Analysing multiple events can allow us to understand the structure of different sectors of the **Standard Model**, and detect new physics beyond the Standard Model.
________

### Cross sections

The quantum nature of the interactions we observe means that we can not determine the precise scattering process which occurred in the hard interaction.

Experiments analyse the final states of an ensemble of events, and use this to determine the **cross section** ($\sigma$) which expresses the probability of a particular process:

$$\sigma=\frac{1}{L}\frac{\mathrm{d}N}{\mathrm{d}t}$$

Here $L$ is the **luminosity** or the rate of collisions of initial state particles per unit area, and $N$ is the number of interactions $\rightarrow$ $\mathrm{d}N/\mathrm{d}t$ is the interaction rate.

The cross section is measured typically measured in units of Barn (b), where 1b = $10^{-28}\mathrm{cm}^{2}$.
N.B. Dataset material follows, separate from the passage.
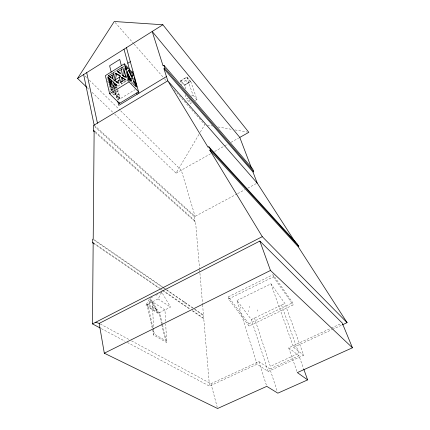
<?xml version="1.0" encoding="UTF-8"?>
<svg xmlns="http://www.w3.org/2000/svg" width="430" height="430" viewBox="0 0 430 430"><rect width="100%" height="100%" fill="white"/><g stroke="black" fill="none" stroke-linecap="round" stroke-linejoin="round"><path stroke-width="0.32" stroke-dasharray="2.15 1.61" d="M257.204 311.132L257.307 309.885M248.594 311.739L248.696 310.503M249.422 307.611L249.524 306.348M240.752 308.262L240.864 307.009M111.649 88.467L111.327 89.66L112.375 91.052M121.566 82.624L121.217 83.845L126.468 80.62L125.743 79.862M112.945 87.924L112.552 89.166L117.755 85.978L117.024 85.231M116.369 97.395L117.944 96.438L118.814 93.944L117.25 94.896L116.369 97.395L118.449 99.475M131.193 84.081L131.956 81.985M145.915 305.117L158.1 298.904L161.798 292.287L170.543 307.101L158.616 313.104L145.915 305.117L149.559 298.947M150.344 300.387L147.657 304.994L148.699 304.456L151.376 299.861L157.353 309.944L156.321 310.465L150.344 300.387L151.376 299.861M114.74 114.165L176.074 173.129L198.939 134.456M200.305 132.144L204.744 124.641L201.654 121.12M113.047 91.176L114.67 94.616L116.245 93.654L117.874 91.106L117.03 89.37M114.67 94.616L116.32 92.058L117.874 91.106M180.552 80.899L186.792 76.986L190.769 81.576L184.572 85.446L180.552 80.899L181.858 84.823M180.616 81.098L186.856 77.185M114.219 71.923L115.906 70.875M122.668 66.671L123.792 65.973L124.098 67.123M109.053 87.242L110.107 86.591M191.662 102.748L190.603 103.399L186.609 99.104L188.206 98.115M191.409 96.143L193.011 95.154L186.792 76.986M111.472 90.144L127.565 80.259L127.21 78.728M132.843 78.749L134.418 77.782M195.376 100.469L196.967 99.497L190.705 81.377L184.502 85.247L185.819 89.16M112.413 93.396L114.203 95.234L115.783 94.272L112.676 87.924M118.814 93.944L119.922 98.416L118.352 99.373L117.25 94.896M112.832 91.504L120.083 98.771L135.187 89.591M176.074 173.129L210.539 153.806M214.634 151.51L223.992 146.264M224.578 145.937L228.088 143.969M231.012 142.33L238.612 138.068M237.107 193.887L194.451 216.682L94.401 126.436M237.699 193.57L244.794 189.759M247.75 188.168L257.21 183.083M150.484 298.081L153.462 296.555M155.843 295.335L157.633 294.421M160.014 293.201L161.798 292.287M228.384 296.808L273.023 274.679L292.717 302.715L293.174 304.935L249.094 326.048L228.556 299.017L228.384 296.808L248.836 323.779L249.094 326.048M228.556 299.017L273.399 276.834L273.023 274.679M237 300.522L270.927 283.821L284.864 303.44L303.677 355.239L268.153 371.445L257.097 364.167L237 300.522L251.34 319.576L268.153 371.445M251.34 319.576L284.864 303.44M248.836 323.779L292.717 302.715M131.532 340.872L210.963 383.721L258.881 361.582L269.943 368.978L277.221 391.257M296.92 371.343L288.659 347.822L330.675 328.402M331.283 328.122L341.022 323.618M127.339 342.452L209.48 386.14L257.097 364.167M270.927 283.821L293.55 347.349L331.879 329.665M332.487 329.385L341.613 325.171M269.943 368.978L298.958 355.717L303.628 368.741M95.358 132.682L194.849 221.423L195.521 221.192L199.584 269.18M194.785 309.573L203.062 315.281L203.476 315.163L202.627 305.166M192.264 310.847L203.325 318.399L203.739 318.286L209.48 386.14M207.373 125.098L212.64 126.017M217.902 126.936L231.722 129.349M235.011 129.924L247.513 132.107M101.335 328.622L124.974 341.194M100.346 324.048L129.177 339.598M162.395 324.311L159.643 312.588L146.969 304.58L153.806 335.126L166.679 342.549L165.695 323.897M148.699 304.456L157.353 309.944M158.1 298.904L170.543 307.101M93.17 242.697L159.508 288.052M162.83 290.315L190.469 309.213M192.683 310.723L203.739 318.286M93.794 243.622L159.621 288.568M160.175 288.944L161.836 290.078M162.389 290.454L190.049 309.337M92.719 239.193L162.234 287.127M162.787 287.509L164.443 288.648M166.652 290.175L192.581 308.052M94.304 239.784L163.776 287.751M164.33 288.132L165.98 289.277M166.534 289.659L194.102 308.692M194.65 309.073L203.476 315.163M288.659 347.822L298.958 355.717M293.55 347.349L303.677 355.239M95.138 131.462L195.521 221.192M94.186 125.205L195.123 216.451L181.299 170.199L120.502 110.677M87.209 87.698L89.144 89.558M92.041 92.343L112.805 112.305M85.075 75.992L86.994 77.862M89.386 80.206L120.024 110.204M117.944 96.438L119.922 98.416M112.95 80.813L114.745 82.646M118.411 83.114L119.502 84.242M110.182 91.095L111.967 92.934M112.246 90.612L111.327 89.66L109.736 90.633L110.537 87.742L111.95 90.622M114.014 92.439L115.783 94.272M120.841 73.648L121.561 74.406M128.081 81.222L127.221 80.319L126.404 77.212M122.201 67.29L123.27 68.434M180.944 80.91L184.599 84.936L190.318 81.367L186.695 77.303M193.011 95.154L196.967 99.497M115.149 22.505L133.687 43.64M134.128 44.139L164.136 78.351M164.577 78.857L166.346 80.867M174.29 89.924L201.213 120.615M273.399 276.834L293.174 304.935M149.887 298.382L158.616 313.104M116.304 86.403L117.153 88.112M114.756 87.355L115.606 89.058M112.23 91.198L114.203 95.234M115.622 86.478L116.75 88.79M114.068 87.43L114.912 89.166M113.531 87.919L114.348 89.639M114.617 90.214L116.245 93.654M111.961 88.886L112.773 90.601M106.893 78.292L107.446 79.464M126.845 77.529L127.334 78.609M107.435 80.947L109.22 84.925M281.516 305.053L298.839 353.288L270.33 366.344L254.501 318.055M189.356 99.685L190.603 103.399M185.163 94.761L186.609 99.104M258.881 361.582L266.568 385.721M210.963 383.721L217.241 407.231M124.678 69.321L123.802 67.214L124.136 68.478M184.228 301.462L184.69 303.225M117.718 89.246L120.083 98.771M116.31 90.773L119.008 101.738M114.434 87.532L115.213 90.719M115.369 91.359L117.551 100.287M162.551 324.962L166.679 342.549M161.519 323.742L159.25 314.04L148.334 307.187L152.951 327.73M161.669 324.387L165.453 340.56L154.392 334.148L153.091 328.369M199.638 269.846L199.864 272.512M199.923 273.179L202.573 304.499M203.062 315.281L203.325 318.399M194.451 216.682L194.849 221.423M165.555 321.231L164.964 309.912L152.397 301.812L153.553 329.127M153.58 329.794L153.806 335.126M185.814 80.27L184.594 81.033L185.47 82.006L186.684 81.243L185.814 80.27"/><path stroke-width="0.64" d="M94.358 131.79L93.358 130.897L93.407 125.538L167.791 80.824L163.975 68.746L164.84 68.219L163.905 65.274L163.045 65.801L152.198 31.476L239.784 137.412L251.475 168.049M93.794 243.622L92.686 242.864L92.719 239.193L93.203 239.021L94.138 130.564L93.358 130.897M100.152 327.993L92.471 323.908L93.17 242.697L92.686 242.864M124.587 71.063L123.555 76.47L122.475 75.336L123.77 68.601L126.135 77.588L122.475 75.336M115.503 73.138L116.584 74.272L114.912 80.942L113.816 79.819L115.503 73.138L120.217 75.54L118.411 83.114L113.816 79.819M132.268 78.373L131.516 81.334L127.205 72.874L128.409 70.278L132.268 78.373L130.677 79.346L127.103 71.837M121.744 82.017L122.797 78.362L121.711 77.228L120.126 82.716L125.383 79.485L121.711 77.228M113.203 82.463L111.451 88.053L116.659 84.855L113.203 82.463L116.766 85.29M113.138 87.301L114.299 83.581M133.295 74.96L132.488 77.4L128.747 69.934L133.295 74.96L131.725 75.927L130.897 75.013M110.44 85.86L111.047 84.527L109.559 81.211M127.258 68.268L126.409 70.052L125.393 66.231L127.258 68.268L125.673 69.251M111.945 81.743L111.225 83.2L109.123 78.738M109.516 80.345L110.881 81.732L111.042 81.404M86.726 87.236L77.55 78.41L114.267 21.5L162.873 24.763L248.83 132.338L239.784 137.412M298.812 246.347L210.539 149.57L209.802 150.113L298.216 246.761L298.812 246.347L297.168 243.794L208.813 146.732L208.082 147.275L167.791 80.824L257.21 183.083L295.491 242.525M77.55 78.41L162.873 24.763M124.313 63.839L105.366 75.626L109.65 93.745L119.427 103.436L138.578 91.832L129.086 81.834L124.313 63.839L133.671 73.939M127.801 63.231L130.311 61.673M108.489 75.739L114.036 72.294L112.585 78.669L108.489 75.739L109.58 76.857L114.014 74.11M110.881 81.732L111.913 81.093M114.987 79.975L120.432 76.615M116.331 81.958L119.164 80.211M124.265 77.067L125.969 76.019M127.667 74.97L128.801 74.272M132.026 72.283L133.047 71.659M109.65 93.745L129.086 81.834M122.152 69.112L117.686 71.826L119.803 73.304M166.442 76.556L118.798 105.388L117.863 101.561M163.975 68.746L252.985 172.011L253.711 171.613L252.679 168.904L163.905 65.274M92.471 323.908L262.284 236.661L347.091 322.645L342.221 324.892M99.169 323.414L259.865 241.058L342.242 323.059L352.45 347.779L297.356 372.584L307.627 379.9L277.844 393.165L266.767 386.355L217.58 408.5L104.307 353.207L99.169 323.414L95.691 322.253M104.307 353.207L270.475 270.465L352.45 347.779M116.584 74.272L120.12 76.072M122.797 78.362L125.42 79.975M110.096 77.223L111.117 77.954M115.928 81.678L117.97 83.141M107.882 77.013L112.085 81.071L110.343 87.306L107.882 77.013L112.246 81.286M164.84 68.219L253.711 171.613M298.216 246.761L347.091 322.645M208.813 146.732L210.539 149.57M209.802 150.113L262.284 236.661M115.17 84.135L116.019 85.839M114.213 83.581L115.342 85.898M113.224 85.694L113.789 86.849M252.985 172.011L257.21 183.083M259.865 241.058L270.475 270.465M303.849 369.359L307.627 379.9M126.468 47.655L138.949 93.192M136.745 92.939L137.116 94.304M124.012 49.203L129.656 70.101M126.001 75.675L126.237 76.588M121.389 65.752L119.744 59.437L109.623 65.763L111.182 72.106M119.148 102.302L119.427 103.436M111.956 75.277L112.891 79.082M108.973 78.131L110.983 86.489M86.709 72.654L97.47 123.227M83.64 74.583L94.186 125.205M122.201 67.29L120.841 73.648L116.605 70.692L122.201 67.29M134.418 77.782L133.725 80.195L136.885 86.806L134.418 77.782M133.547 81.007L132.719 83.329L136.342 87.07L133.547 81.007M130.553 81.136L128.844 79.324L127.608 74.686L130.553 81.136"/></g></svg>

#### Bonus Exercise: Dimensional analysis
What are the dimensions of the luminosity $L$ if the cross section is measured in b?
___


From many events over a period of time, and with an understanding of the luminosity we can calculate the cross section for a process!

E.g. Looking over all Higgs production events over a certain time, we can calculate the Higgs production cross section.

**Trivia**: The name *cross section* relates to classical ideas of particle collisions - this was previously thought to be an effective area between colliding spheres and the name stuck! 

___
#### Exercise 1a: Computing cross sections

Write a function in python to calculate the cross section below, assuming a constant rate of interation

In [None]:
# Define a function for the cross section, assuming
# time is given in seconds, and the luminosity in pb/s.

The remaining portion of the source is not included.